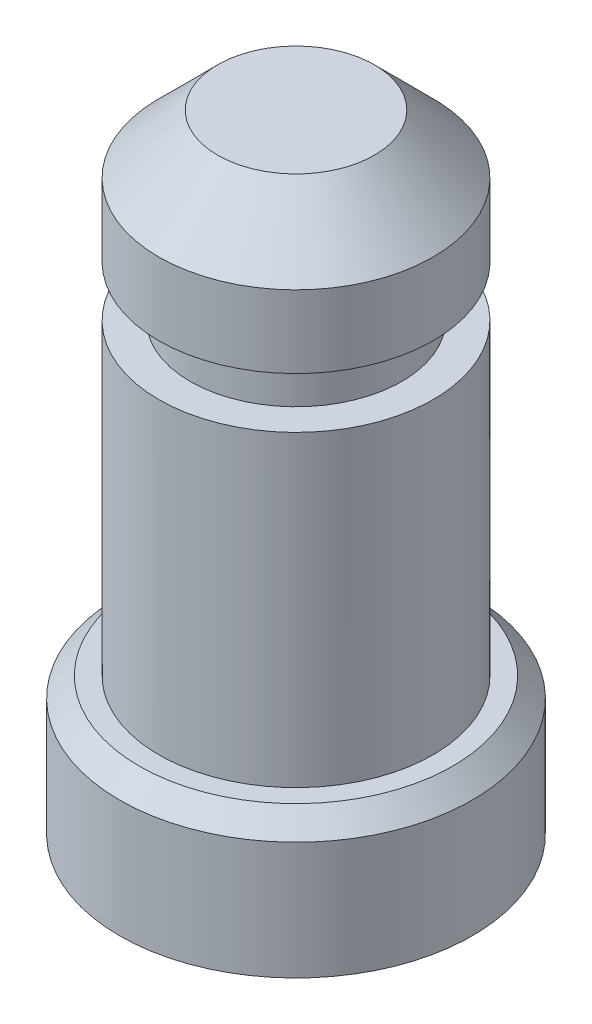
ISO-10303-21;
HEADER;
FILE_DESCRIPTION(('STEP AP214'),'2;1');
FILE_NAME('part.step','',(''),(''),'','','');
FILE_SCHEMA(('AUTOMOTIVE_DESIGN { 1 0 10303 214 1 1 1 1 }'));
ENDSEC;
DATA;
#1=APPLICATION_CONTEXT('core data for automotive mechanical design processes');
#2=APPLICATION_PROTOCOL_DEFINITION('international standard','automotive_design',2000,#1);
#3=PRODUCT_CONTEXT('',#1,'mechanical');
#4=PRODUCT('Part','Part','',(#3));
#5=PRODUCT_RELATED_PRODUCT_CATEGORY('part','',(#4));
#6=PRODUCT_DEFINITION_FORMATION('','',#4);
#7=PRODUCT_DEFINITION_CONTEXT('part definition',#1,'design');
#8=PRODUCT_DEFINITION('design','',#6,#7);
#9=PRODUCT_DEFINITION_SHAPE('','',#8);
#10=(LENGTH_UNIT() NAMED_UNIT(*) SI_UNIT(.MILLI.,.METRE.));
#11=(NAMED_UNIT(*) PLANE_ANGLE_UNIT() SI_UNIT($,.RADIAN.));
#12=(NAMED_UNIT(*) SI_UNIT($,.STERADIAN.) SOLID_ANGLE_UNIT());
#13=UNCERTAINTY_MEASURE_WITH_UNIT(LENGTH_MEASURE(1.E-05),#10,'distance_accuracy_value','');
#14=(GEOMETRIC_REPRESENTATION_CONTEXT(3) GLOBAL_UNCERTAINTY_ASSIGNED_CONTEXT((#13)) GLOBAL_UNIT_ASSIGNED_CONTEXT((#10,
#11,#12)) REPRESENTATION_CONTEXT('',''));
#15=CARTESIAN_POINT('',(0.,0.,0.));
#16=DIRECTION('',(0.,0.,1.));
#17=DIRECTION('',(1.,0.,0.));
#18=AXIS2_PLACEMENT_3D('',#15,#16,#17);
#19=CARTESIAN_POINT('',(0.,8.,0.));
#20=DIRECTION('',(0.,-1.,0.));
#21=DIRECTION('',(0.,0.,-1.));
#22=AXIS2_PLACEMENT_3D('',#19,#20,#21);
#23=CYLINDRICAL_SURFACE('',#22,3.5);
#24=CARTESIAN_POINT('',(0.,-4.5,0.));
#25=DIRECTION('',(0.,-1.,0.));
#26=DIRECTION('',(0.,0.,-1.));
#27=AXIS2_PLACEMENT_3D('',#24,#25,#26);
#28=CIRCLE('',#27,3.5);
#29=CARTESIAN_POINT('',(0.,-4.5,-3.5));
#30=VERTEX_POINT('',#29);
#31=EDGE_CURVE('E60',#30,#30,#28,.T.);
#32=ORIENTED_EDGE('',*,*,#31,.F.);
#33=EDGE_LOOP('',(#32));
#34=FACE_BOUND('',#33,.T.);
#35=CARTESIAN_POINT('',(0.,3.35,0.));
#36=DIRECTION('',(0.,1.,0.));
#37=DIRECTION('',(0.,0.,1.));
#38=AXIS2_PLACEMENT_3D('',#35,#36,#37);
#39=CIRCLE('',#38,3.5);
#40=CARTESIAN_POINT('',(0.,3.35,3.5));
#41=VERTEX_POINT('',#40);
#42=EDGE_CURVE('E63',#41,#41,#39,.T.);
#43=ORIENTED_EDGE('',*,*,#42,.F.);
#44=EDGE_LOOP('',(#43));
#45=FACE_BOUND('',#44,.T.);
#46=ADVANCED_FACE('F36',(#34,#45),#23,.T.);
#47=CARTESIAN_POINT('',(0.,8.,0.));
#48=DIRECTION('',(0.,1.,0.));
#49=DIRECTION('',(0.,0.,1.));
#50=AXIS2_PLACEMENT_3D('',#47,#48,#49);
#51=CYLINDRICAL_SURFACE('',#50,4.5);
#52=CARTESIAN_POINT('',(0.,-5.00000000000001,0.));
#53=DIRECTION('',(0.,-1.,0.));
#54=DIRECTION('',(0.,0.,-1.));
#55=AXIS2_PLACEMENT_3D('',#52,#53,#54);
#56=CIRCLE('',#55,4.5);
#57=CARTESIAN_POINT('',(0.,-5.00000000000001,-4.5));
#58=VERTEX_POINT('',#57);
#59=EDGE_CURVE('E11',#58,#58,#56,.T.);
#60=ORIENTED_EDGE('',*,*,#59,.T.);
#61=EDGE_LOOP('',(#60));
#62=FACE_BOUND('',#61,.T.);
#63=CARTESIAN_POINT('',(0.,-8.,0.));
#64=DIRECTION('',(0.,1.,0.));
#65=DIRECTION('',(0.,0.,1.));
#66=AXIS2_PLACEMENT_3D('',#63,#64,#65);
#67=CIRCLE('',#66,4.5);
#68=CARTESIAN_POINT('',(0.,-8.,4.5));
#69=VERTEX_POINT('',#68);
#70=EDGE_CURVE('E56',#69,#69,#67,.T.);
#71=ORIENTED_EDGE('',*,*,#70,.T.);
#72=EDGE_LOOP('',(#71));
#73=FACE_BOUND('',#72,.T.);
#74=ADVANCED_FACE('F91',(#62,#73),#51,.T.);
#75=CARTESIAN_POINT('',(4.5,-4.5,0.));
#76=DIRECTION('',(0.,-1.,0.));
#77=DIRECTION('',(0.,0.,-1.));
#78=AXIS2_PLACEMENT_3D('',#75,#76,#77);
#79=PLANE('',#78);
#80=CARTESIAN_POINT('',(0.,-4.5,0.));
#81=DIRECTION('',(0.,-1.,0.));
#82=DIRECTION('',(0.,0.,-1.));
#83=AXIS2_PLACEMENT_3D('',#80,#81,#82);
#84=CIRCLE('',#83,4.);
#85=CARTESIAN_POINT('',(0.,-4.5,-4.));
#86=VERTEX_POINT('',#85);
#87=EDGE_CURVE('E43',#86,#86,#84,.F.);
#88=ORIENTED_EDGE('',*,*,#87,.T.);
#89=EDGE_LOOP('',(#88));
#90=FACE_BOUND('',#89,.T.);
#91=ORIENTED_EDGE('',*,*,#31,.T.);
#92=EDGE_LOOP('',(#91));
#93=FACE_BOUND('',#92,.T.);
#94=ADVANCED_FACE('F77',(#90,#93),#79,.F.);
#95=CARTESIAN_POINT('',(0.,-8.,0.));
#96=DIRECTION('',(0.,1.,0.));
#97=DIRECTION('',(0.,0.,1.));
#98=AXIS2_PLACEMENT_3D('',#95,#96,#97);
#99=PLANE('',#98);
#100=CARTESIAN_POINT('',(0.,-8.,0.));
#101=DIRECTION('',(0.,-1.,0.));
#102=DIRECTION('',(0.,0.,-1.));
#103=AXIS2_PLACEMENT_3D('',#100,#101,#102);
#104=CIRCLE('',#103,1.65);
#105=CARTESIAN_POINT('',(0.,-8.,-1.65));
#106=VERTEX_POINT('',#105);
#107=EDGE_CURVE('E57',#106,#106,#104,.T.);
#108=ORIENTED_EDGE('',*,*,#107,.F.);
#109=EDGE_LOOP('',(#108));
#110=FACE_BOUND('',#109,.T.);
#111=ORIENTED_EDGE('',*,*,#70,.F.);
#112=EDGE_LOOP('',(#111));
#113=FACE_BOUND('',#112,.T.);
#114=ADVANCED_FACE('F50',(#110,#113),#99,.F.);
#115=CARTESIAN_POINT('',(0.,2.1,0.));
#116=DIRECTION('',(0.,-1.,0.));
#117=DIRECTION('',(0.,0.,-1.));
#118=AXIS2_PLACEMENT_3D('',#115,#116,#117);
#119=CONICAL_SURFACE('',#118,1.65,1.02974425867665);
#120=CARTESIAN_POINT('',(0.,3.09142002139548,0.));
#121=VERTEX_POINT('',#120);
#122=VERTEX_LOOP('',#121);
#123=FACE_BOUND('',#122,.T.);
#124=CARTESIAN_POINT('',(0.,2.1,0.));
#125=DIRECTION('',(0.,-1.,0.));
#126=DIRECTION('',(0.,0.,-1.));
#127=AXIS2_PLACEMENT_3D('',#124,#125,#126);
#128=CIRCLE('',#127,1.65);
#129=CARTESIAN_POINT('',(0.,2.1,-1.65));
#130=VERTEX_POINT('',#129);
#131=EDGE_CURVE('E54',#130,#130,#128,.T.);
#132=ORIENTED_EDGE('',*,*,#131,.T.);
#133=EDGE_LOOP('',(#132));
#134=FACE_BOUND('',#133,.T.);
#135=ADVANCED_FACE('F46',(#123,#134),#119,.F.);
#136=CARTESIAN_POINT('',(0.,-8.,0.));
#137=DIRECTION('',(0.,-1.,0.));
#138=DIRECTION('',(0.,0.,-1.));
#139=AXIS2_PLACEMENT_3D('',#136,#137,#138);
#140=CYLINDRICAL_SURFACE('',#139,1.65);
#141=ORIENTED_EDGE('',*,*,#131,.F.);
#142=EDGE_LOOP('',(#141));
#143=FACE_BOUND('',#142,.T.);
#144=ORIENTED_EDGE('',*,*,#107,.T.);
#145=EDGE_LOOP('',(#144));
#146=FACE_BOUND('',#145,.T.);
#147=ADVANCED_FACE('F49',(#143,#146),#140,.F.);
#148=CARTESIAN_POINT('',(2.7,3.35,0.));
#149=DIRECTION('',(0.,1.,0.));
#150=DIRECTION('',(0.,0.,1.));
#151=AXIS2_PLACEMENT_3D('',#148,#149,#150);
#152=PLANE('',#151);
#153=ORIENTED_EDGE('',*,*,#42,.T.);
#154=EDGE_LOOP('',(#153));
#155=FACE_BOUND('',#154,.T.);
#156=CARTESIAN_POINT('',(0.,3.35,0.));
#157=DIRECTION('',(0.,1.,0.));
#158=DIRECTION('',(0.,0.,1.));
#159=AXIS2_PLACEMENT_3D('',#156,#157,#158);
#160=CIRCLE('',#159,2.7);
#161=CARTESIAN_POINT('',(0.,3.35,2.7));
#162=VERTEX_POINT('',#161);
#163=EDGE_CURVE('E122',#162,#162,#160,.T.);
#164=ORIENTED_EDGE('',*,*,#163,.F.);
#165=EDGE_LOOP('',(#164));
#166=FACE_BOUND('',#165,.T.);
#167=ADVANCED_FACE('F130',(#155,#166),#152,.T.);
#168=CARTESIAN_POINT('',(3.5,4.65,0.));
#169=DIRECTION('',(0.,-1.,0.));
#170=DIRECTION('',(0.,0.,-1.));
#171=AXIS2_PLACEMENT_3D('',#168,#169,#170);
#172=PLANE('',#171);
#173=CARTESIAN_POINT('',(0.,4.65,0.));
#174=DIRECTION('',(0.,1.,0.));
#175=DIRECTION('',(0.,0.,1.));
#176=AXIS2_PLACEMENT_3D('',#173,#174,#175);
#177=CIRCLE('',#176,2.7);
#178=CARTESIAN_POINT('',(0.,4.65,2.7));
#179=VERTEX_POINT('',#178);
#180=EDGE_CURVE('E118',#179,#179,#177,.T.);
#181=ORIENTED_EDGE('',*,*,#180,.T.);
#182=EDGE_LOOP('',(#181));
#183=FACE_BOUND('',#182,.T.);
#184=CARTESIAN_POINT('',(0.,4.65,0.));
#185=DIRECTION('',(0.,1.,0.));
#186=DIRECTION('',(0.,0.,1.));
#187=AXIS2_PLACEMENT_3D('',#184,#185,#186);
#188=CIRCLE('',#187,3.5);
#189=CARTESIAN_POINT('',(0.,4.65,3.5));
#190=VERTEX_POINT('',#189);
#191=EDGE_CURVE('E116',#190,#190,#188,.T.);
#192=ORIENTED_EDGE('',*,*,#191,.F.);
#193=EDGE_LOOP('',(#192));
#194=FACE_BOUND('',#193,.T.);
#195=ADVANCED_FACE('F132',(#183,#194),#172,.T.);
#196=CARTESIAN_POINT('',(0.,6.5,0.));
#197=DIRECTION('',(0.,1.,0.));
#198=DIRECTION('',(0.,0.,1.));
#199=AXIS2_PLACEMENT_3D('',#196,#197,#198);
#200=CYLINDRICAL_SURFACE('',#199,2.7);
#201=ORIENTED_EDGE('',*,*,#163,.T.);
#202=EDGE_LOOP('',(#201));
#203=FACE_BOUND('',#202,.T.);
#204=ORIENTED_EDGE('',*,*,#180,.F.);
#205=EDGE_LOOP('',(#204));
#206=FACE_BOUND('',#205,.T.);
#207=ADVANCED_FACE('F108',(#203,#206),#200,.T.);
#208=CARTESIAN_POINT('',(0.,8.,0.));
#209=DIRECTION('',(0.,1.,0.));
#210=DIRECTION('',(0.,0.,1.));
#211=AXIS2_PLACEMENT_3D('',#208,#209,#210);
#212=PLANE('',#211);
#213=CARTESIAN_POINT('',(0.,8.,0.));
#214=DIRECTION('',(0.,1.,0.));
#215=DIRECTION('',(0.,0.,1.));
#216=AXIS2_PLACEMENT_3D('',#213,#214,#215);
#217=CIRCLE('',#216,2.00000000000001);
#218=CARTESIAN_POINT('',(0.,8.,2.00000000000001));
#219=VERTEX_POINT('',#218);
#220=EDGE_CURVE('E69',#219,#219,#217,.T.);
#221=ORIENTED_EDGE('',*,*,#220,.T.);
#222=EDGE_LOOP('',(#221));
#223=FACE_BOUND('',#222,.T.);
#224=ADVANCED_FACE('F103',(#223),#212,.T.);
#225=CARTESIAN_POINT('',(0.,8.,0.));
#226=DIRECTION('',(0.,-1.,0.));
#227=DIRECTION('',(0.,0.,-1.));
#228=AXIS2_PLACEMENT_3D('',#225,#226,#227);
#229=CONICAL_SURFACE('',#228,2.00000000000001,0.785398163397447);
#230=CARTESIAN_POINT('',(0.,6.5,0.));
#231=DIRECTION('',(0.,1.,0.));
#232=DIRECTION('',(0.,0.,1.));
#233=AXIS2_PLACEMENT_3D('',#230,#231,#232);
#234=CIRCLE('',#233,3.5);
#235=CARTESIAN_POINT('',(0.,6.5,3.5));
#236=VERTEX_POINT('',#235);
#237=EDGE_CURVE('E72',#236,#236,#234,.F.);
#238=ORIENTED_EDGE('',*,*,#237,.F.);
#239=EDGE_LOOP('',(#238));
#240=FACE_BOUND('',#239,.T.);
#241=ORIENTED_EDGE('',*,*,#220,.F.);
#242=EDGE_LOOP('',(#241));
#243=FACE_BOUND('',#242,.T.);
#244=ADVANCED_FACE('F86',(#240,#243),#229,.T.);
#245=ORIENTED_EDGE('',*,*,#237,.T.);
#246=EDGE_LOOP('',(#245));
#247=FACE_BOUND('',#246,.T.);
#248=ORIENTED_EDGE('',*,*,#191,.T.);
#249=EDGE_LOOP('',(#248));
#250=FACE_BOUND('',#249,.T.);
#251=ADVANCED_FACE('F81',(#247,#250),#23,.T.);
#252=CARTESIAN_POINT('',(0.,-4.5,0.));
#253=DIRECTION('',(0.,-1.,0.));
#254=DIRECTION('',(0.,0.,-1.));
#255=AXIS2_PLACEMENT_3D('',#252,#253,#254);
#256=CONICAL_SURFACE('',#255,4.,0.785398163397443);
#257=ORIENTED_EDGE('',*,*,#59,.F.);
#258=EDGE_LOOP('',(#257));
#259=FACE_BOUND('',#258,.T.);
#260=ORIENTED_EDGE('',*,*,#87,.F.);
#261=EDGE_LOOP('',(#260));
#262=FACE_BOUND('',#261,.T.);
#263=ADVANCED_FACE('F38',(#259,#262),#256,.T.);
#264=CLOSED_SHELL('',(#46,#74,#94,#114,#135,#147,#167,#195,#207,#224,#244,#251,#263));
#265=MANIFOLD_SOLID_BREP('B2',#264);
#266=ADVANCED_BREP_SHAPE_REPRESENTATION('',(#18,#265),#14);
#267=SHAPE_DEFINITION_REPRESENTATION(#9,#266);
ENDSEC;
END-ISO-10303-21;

● ● ● ● ●

Work to complete
Extract exactly and only the lines above from the line containing "#55=AXIS2_PLACEMENT_3D('',#52,#53,#54);" through the line containing "#68=CARTESIAN_POINT('',(0.,-8.,4.5));", both end lines included.

Written response
#55=AXIS2_PLACEMENT_3D('',#52,#53,#54);
#56=CIRCLE('',#55,4.5);
#57=CARTESIAN_POINT('',(0.,-5.00000000000001,-4.5));
#58=VERTEX_POINT('',#57);
#59=EDGE_CURVE('E11',#58,#58,#56,.T.);
#60=ORIENTED_EDGE('',*,*,#59,.T.);
#61=EDGE_LOOP('',(#60));
#62=FACE_BOUND('',#61,.T.);
#63=CARTESIAN_POINT('',(0.,-8.,0.));
#64=DIRECTION('',(0.,1.,0.));
#65=DIRECTION('',(0.,0.,1.));
#66=AXIS2_PLACEMENT_3D('',#63,#64,#65);
#67=CIRCLE('',#66,4.5);
#68=CARTESIAN_POINT('',(0.,-8.,4.5));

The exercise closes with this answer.